# The problem
Whenever a line of the records below contains the word "drawing", copy that line.
+++ Records shown +++
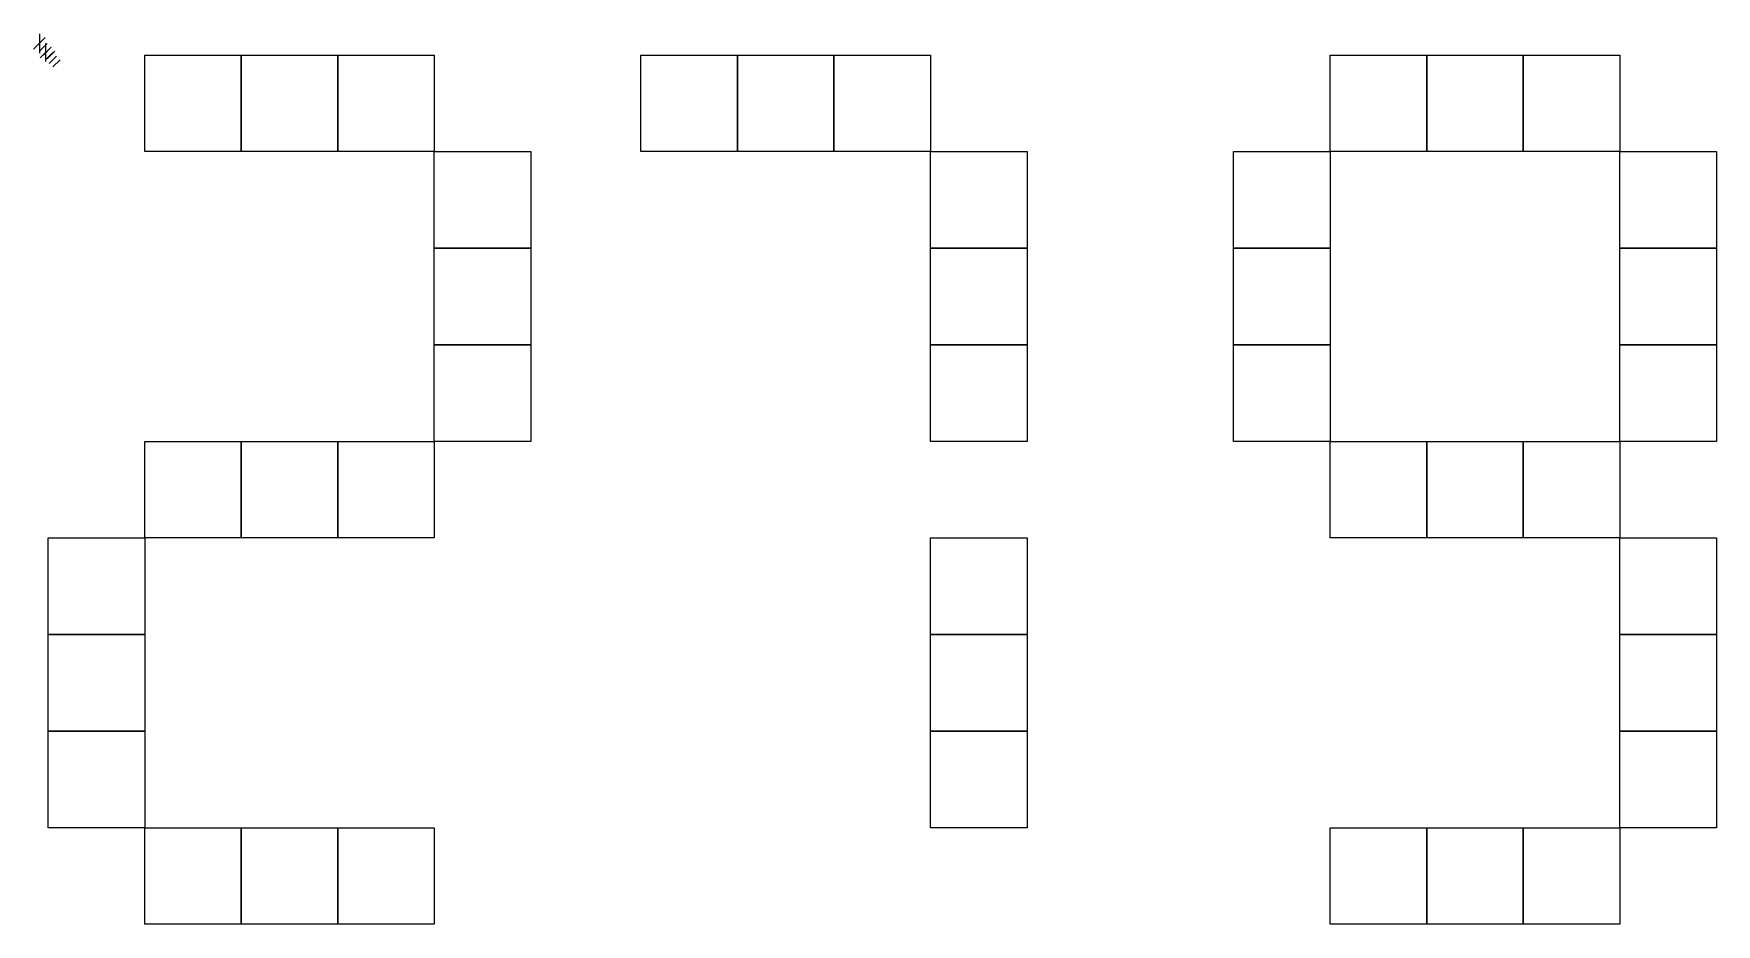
# Model space of a CAD drawing. Extents: x -1 to 229, y 8 to 130.
import ezdxf

# ---------------------------------------------------------------- set-up
doc = ezdxf.new("R2010")
doc.units = 0

msp = doc.modelspace()

# ---------------------------------------------------------------- linework, layer by layer
at = {"layer": 'Layer 1'}
for p, q in [((0.79375, 129.206), (-0.79375, 127.618)), ((0, 129.735), (0, 127.089)), ((1.05833, 128.412), (0, 127.35367)), ((1.57505, 127.916), (0.08766, 126.42836)), ((1.5875, 127.883), (0.52917, 126.82467)), ((0.83135, 128.412), (0.83135, 125.933)), ((1.82294, 127.173), (0.83135, 126.1814)), ((2.11666, 127.354), (1.05833, 126.29567)), ((2.31874, 126.677), (1.32715, 125.6854)), ((14.3605, 126.821), (27.5383, 126.821)), ((14.3605, 113.643), (14.3605, 126.821)), ((27.5383, 126.821), (40.7161, 126.821)), ((27.5383, 113.643), (27.5383, 126.821)), ((27.5383, 126.821), (27.5383, 113.643)), ((40.7161, 126.821), (53.8936, 126.821)), ((40.7161, 113.643), (40.7161, 126.821)), ((40.7161, 126.821), (40.7161, 113.643)), ((53.8936, 126.821), (53.8936, 113.643)), ((82.0941, 126.821), (95.2722, 126.821)), ((82.0941, 113.643), (82.0941, 126.821)), ((95.2722, 126.821), (108.449, 126.821)), ((95.2722, 113.643), (95.2722, 126.821)), ((95.2722, 126.821), (95.2722, 113.643)), ((108.449, 126.821), (121.627, 126.821)), ((108.449, 113.643), (108.449, 126.821)), ((108.449, 126.821), (108.449, 113.643)), ((121.627, 126.821), (121.627, 113.643)), ((176.184, 126.821), (189.361, 126.821)), ((176.184, 113.643), (176.184, 126.821)), ((189.361, 126.821), (202.539, 126.821)), ((189.361, 113.643), (189.361, 126.821)), ((189.361, 126.821), (189.361, 113.643)), ((202.539, 126.821), (215.717, 126.821)), ((202.539, 113.643), (202.539, 126.821)), ((202.539, 126.821), (202.539, 113.643)), ((215.717, 126.821), (215.717, 113.643)), ((2.81454, 126.181), (1.82295, 125.1894)), ((27.5383, 113.643), (14.3605, 113.643)), ((40.7161, 113.643), (27.5383, 113.643)), ((53.8936, 113.643), (40.7161, 113.643)), ((53.8936, 113.643), (67.0717, 113.643)), ((53.8936, 100.466), (53.8936, 113.643)), ((67.0717, 113.643), (67.0717, 100.466)), ((95.2722, 113.643), (82.0941, 113.643)), ((108.449, 113.643), (95.2722, 113.643)), ((121.627, 113.643), (108.449, 113.643)), ((121.627, 113.643), (134.805, 113.643)), ((121.627, 100.466), (121.627, 113.643)), ((134.805, 113.643), (134.805, 100.466)), ((163.006, 113.643), (176.184, 113.643)), ((163.006, 100.466), (163.006, 113.643)), ((176.184, 113.643), (176.184, 100.466)), ((189.361, 113.643), (176.184, 113.643)), ((202.539, 113.643), (189.361, 113.643)), ((215.717, 113.643), (202.539, 113.643)), ((215.717, 113.643), (228.894, 113.643)), ((215.717, 100.466), (215.717, 113.643)), ((228.894, 113.643), (228.894, 100.466)), ((53.8936, 100.466), (67.0717, 100.466)), ((53.8936, 87.2878), (53.8936, 100.466)), ((67.0717, 100.466), (53.8936, 100.466)), ((67.0717, 100.466), (67.0717, 87.2878)), ((121.627, 100.466), (134.805, 100.466)), ((121.627, 87.2878), (121.627, 100.466)), ((134.805, 100.466), (121.627, 100.466)), ((134.805, 100.466), (134.805, 87.2878)), ((163.006, 100.466), (176.184, 100.466)), ((163.006, 87.2878), (163.006, 100.466)), ((176.184, 100.466), (163.006, 100.466)), ((176.184, 100.466), (176.184, 87.2878)), ((215.717, 100.466), (228.894, 100.466)), ((215.717, 87.2878), (215.717, 100.466)), ((228.894, 100.466), (215.717, 100.466)), ((228.894, 100.466), (228.894, 87.2878)), ((53.8936, 87.2878), (67.0717, 87.2878)), ((53.8936, 74.11), (53.8936, 87.2878)), ((67.0717, 87.2878), (53.8936, 87.2878)), ((67.0717, 87.2878), (67.0717, 74.11)), ((121.627, 87.2878), (134.805, 87.2878)), ((121.627, 74.11), (121.627, 87.2878)), ((134.805, 87.2878), (121.627, 87.2878)), ((134.805, 87.2878), (134.805, 74.11)), ((163.006, 87.2878), (176.184, 87.2878)), ((163.006, 74.11), (163.006, 87.2878)), ((176.184, 87.2878), (163.006, 87.2878)), ((176.184, 87.2878), (176.184, 74.11)), ((215.717, 87.2878), (228.894, 87.2878)), ((215.717, 74.11), (215.717, 87.2878)), ((228.894, 87.2878), (215.717, 87.2878)), ((228.894, 87.2878), (228.894, 74.11)), ((14.3605, 74.11), (27.5383, 74.11)), ((14.3605, 60.9322), (14.3605, 74.11)), ((27.5383, 74.11), (40.7161, 74.11)), ((27.5383, 60.9322), (27.5383, 74.11)), ((27.5383, 74.11), (27.5383, 60.9322)), ((40.7161, 74.11), (53.8936, 74.11)), ((40.7161, 60.9322), (40.7161, 74.11)), ((40.7161, 74.11), (40.7161, 60.9322)), ((53.8936, 74.11), (53.8936, 60.9322)), ((67.0717, 74.11), (53.8936, 74.11)), ((134.805, 74.11), (121.627, 74.11)), ((176.184, 74.11), (163.006, 74.11)), ((176.184, 74.11), (189.361, 74.11)), ((176.184, 60.9322), (176.184, 74.11)), ((189.361, 74.11), (202.539, 74.11)), ((189.361, 60.9322), (189.361, 74.11)), ((189.361, 74.11), (189.361, 60.9322)), ((202.539, 74.11), (215.717, 74.11)), ((202.539, 60.9322), (202.539, 74.11)), ((202.539, 74.11), (202.539, 60.9322)), ((215.717, 74.11), (215.717, 60.9322)), ((228.894, 74.11), (215.717, 74.11)), ((1.18276, 60.9322), (14.3605, 60.9322)), ((1.18276, 47.7546), (1.18276, 60.9322)), ((14.3605, 60.9322), (14.3605, 47.7546)), ((27.5383, 60.9322), (14.3605, 60.9322)), ((40.7161, 60.9322), (27.5383, 60.9322)), ((53.8936, 60.9322), (40.7161, 60.9322)), ((121.627, 60.9322), (134.805, 60.9322)), ((121.627, 47.7546), (121.627, 60.9322)), ((134.805, 60.9322), (134.805, 47.7546)), ((189.361, 60.9322), (176.184, 60.9322)), ((202.539, 60.9322), (189.361, 60.9322)), ((215.717, 60.9322), (202.539, 60.9322)), ((215.717, 60.9322), (228.894, 60.9322)), ((215.717, 47.7546), (215.717, 60.9322)), ((228.894, 60.9322), (228.894, 47.7546)), ((1.18276, 47.7546), (14.3605, 47.7546)), ((1.18276, 34.5758), (1.18276, 47.7546)), ((14.3605, 47.7546), (1.18276, 47.7546)), ((14.3605, 47.7546), (14.3605, 34.5758)), ((121.627, 47.7546), (134.805, 47.7546)), ((121.627, 34.5758), (121.627, 47.7546)), ((134.805, 47.7546), (121.627, 47.7546)), ((134.805, 47.7546), (134.805, 34.5758)), ((215.717, 47.7546), (228.894, 47.7546)), ((215.717, 34.5758), (215.717, 47.7546)), ((228.894, 47.7546), (215.717, 47.7546)), ((228.894, 47.7546), (228.894, 34.5758)), ((1.18276, 34.5758), (14.3605, 34.5758)), ((1.18276, 21.4), (1.18276, 34.5758)), ((14.3605, 34.5758), (1.18276, 34.5758)), ((14.3605, 34.5758), (14.3605, 21.4)), ((121.627, 34.5758), (134.805, 34.5758)), ((121.627, 21.4), (121.627, 34.5758)), ((134.805, 34.5758), (121.627, 34.5758)), ((134.805, 34.5758), (134.805, 21.4)), ((215.717, 34.5758), (228.894, 34.5758)), ((215.717, 21.4), (215.717, 34.5758)), ((228.894, 34.5758), (215.717, 34.5758)), ((228.894, 34.5758), (228.894, 21.4)), ((14.3605, 21.4), (1.18276, 21.4)), ((14.3605, 21.4), (27.5383, 21.4)), ((14.3605, 8.22166), (14.3605, 21.4)), ((27.5383, 21.4), (40.7161, 21.4)), ((27.5383, 8.22166), (27.5383, 21.4)), ((27.5383, 21.4), (27.5383, 8.22166)), ((40.7161, 21.4), (53.8936, 21.4)), ((40.7161, 8.22166), (40.7161, 21.4)), ((40.7161, 21.4), (40.7161, 8.22166)), ((53.8936, 21.4), (53.8936, 8.22166)), ((134.805, 21.4), (121.627, 21.4)), ((176.184, 21.4), (189.361, 21.4)), ((176.184, 8.22166), (176.184, 21.4)), ((189.361, 21.4), (202.539, 21.4)), ((189.361, 8.22166), (189.361, 21.4)), ((189.361, 21.4), (189.361, 8.22166)), ((202.539, 21.4), (215.717, 21.4)), ((202.539, 8.22166), (202.539, 21.4)), ((202.539, 21.4), (202.539, 8.22166)), ((215.717, 21.4), (215.717, 8.22166)), ((228.894, 21.4), (215.717, 21.4)), ((27.5383, 8.22166), (14.3605, 8.22166)), ((40.7161, 8.22166), (27.5383, 8.22166)), ((53.8936, 8.22166), (40.7161, 8.22166)), ((189.361, 8.22166), (176.184, 8.22166)), ((202.539, 8.22166), (189.361, 8.22166)), ((215.717, 8.22166), (202.539, 8.22166))]:
    msp.add_line(p, q, dxfattribs=at)

doc.saveas('drawing.dxf')
+++
# Exercise response
# Model space of a CAD drawing. Extents: x -1 to 229, y 8 to 130.
doc.saveas('drawing.dxf')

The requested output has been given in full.